Let's take a look at the field equations written by Einstein:

#R_(mu nu)-1/2g_(mu nu)R+g_(mu nu)Lambda=(8pig)/(c^4)T_(mu nu)#

So, what the hell is this hot mess all about? Let's take a look term by term (ish).

#R_(mu nu)#, #g_(mu nu)# and #T_(mu nu)# are what we call *tensors* in math and are irrelevant right now.

The #T_(mu nu)# tensor is essentially any stress or energy (or momentum or mass) carrying medium throughout the universe - and the #g_(mu nu)# is the metric tensor (let's just ignore this mathematical jumbo for now). The #mu nu# here represent the space and time components.

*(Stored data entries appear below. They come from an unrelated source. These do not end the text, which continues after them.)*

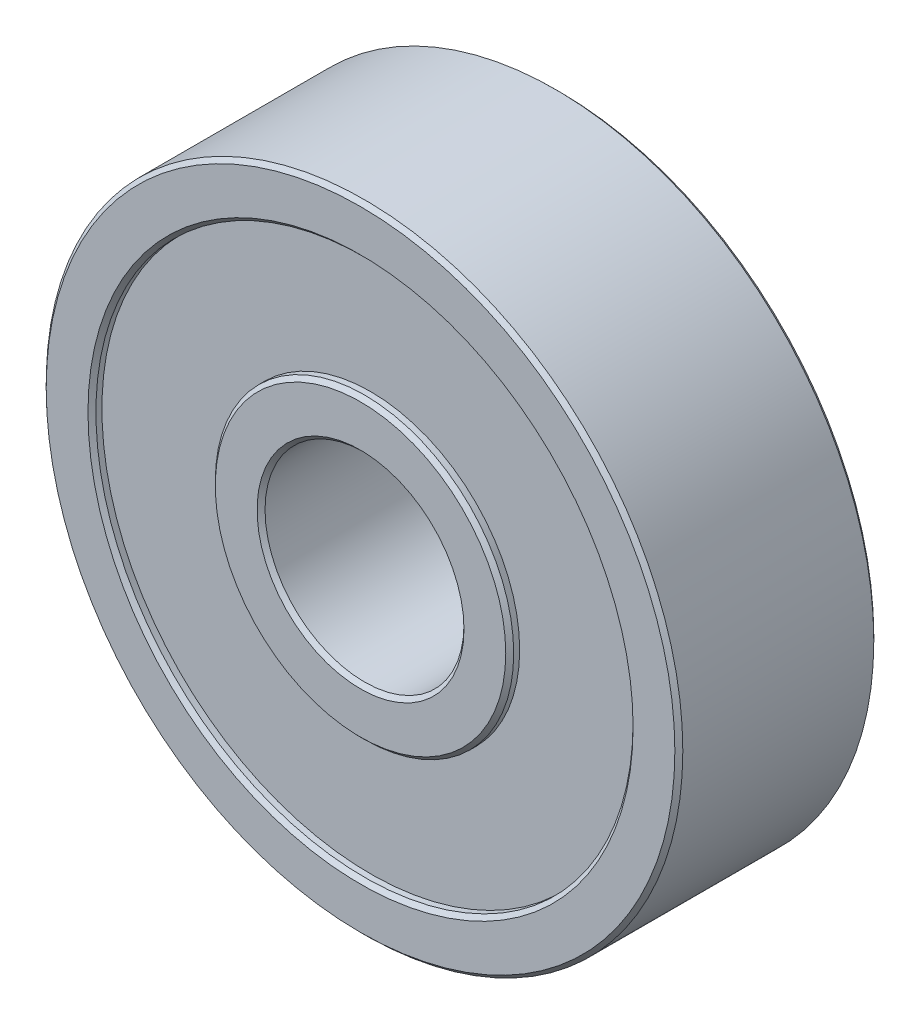
SolidWorks part; units mm, degrees
ref_plane "Front Plane" through (0, 0, 0) normal (0, 0, 1) x (1, 0, 0)
ref_plane "Top Plane" through (0, 0, 0) normal (0, 1, 0) x (1, 0, 0)
ref_plane "Right Plane" through (0, 0, 0) normal (1, 0, 0) x (0, 0, -1)
sketch "Sketch1" plane through (0, 0, 0) normal (0, 0, 1) x (1, 0, 0)
  circle A0 centre (0, 0) radius 2.5
  circle A1 centre (0, 0) radius 8
  dimension "D1" = 5
  dimension "D2" = 16
extrude "Boss-Extrude1" add sketch "Sketch1" along normal blind 2.5 and the other way blind 2.5
sketch "Sketch2" plane through (0, 0, 0) normal (0, 0, 1) x (1, 0, 0)
  circle A2 centre (0, 0) radius 3.75
  circle A3 centre (0, 0) radius 3.75
  circle A5 centre (0, 0) radius 6.75
  circle A6 centre (0, 0) radius 6.75
  dimension "D1" = 1.25
  dimension "D2" = 1.25
extrude "Cut-Extrude1" cut sketch "Sketch2" along normal blind 0.25 from surface starting at face at (2.5, 0, -2.5)
extrude "Cut-Extrude2" cut sketch "Sketch2<2>" against normal blind 0.25 from surface starting at face at (8, 0, 2.5)
sketch "Sketch2<2>" plane through (0, 0, 0) normal (0, 0, 1) x (1, 0, 0) same geometry as "Sketch2"
chamfer "Chamfer1" distance 0.1 angle 45 8 edges at (2.5, 0, -2.5) (3.75, 0, -2.5) (6.75, 0, -2.5) (8, 0, -2.5) (3.75, 0, 2.5) (2.5, 0, 2.5) (8, 0, 2.5) (6.75, 0, 2.5)
equation "\"BearingID\"=5"
equation "\"D1@Sketch1\"=\"BearingID\""
equation "\"BearingOD\"=16"
equation "\"D2@Sketch1\"=\"BearingOD\""
equation "\"BearingThickness\"=5"
equation "\"D1@Boss-Extrude1\"=\"BearingThickness\"/2"
equation "\"D2@Boss-Extrude1\"=\"BearingThickness\"/2"

This energy/mass/stress/momentum medium is then multiplied by some fundamental constants of the universe and this forms the right hand side of the equation.

The basis of the field equations utilize *Riemann geometry* which essentially describes the curvature of smooth surfaces in higher dimensions. So, the #R_(mu nu)# describes the curvature of space and time. However, conservation of energy and momentum states that #grad^(mu)T_(mu nu)=0# as #T# stays constant (conserved). So, to balance this, we subtract #1/2g_(mu nu)# (metric tensor) and we get the *Einstein tensor*:

#G_(mu nu)=R_(mu nu)-1/2g_(mu nu)#

The Einstein tensor on the left hand side describes the curvature of space and time, and this is equated with energy and momentum (and mass) on the right hand side. So, mass can curve space. And curved space means gravity.

However, there is one term which we missed: #g_(mu nu)Lambda#

The #Lambda# here is the universal constant. Einstein originally introduced it here because he found that his original equation described a universe which was expanding. However, he later abandoned it calling it the "greatest blunder of his life."

Ok. There we have it. This is how (General) relativity describes the Universe.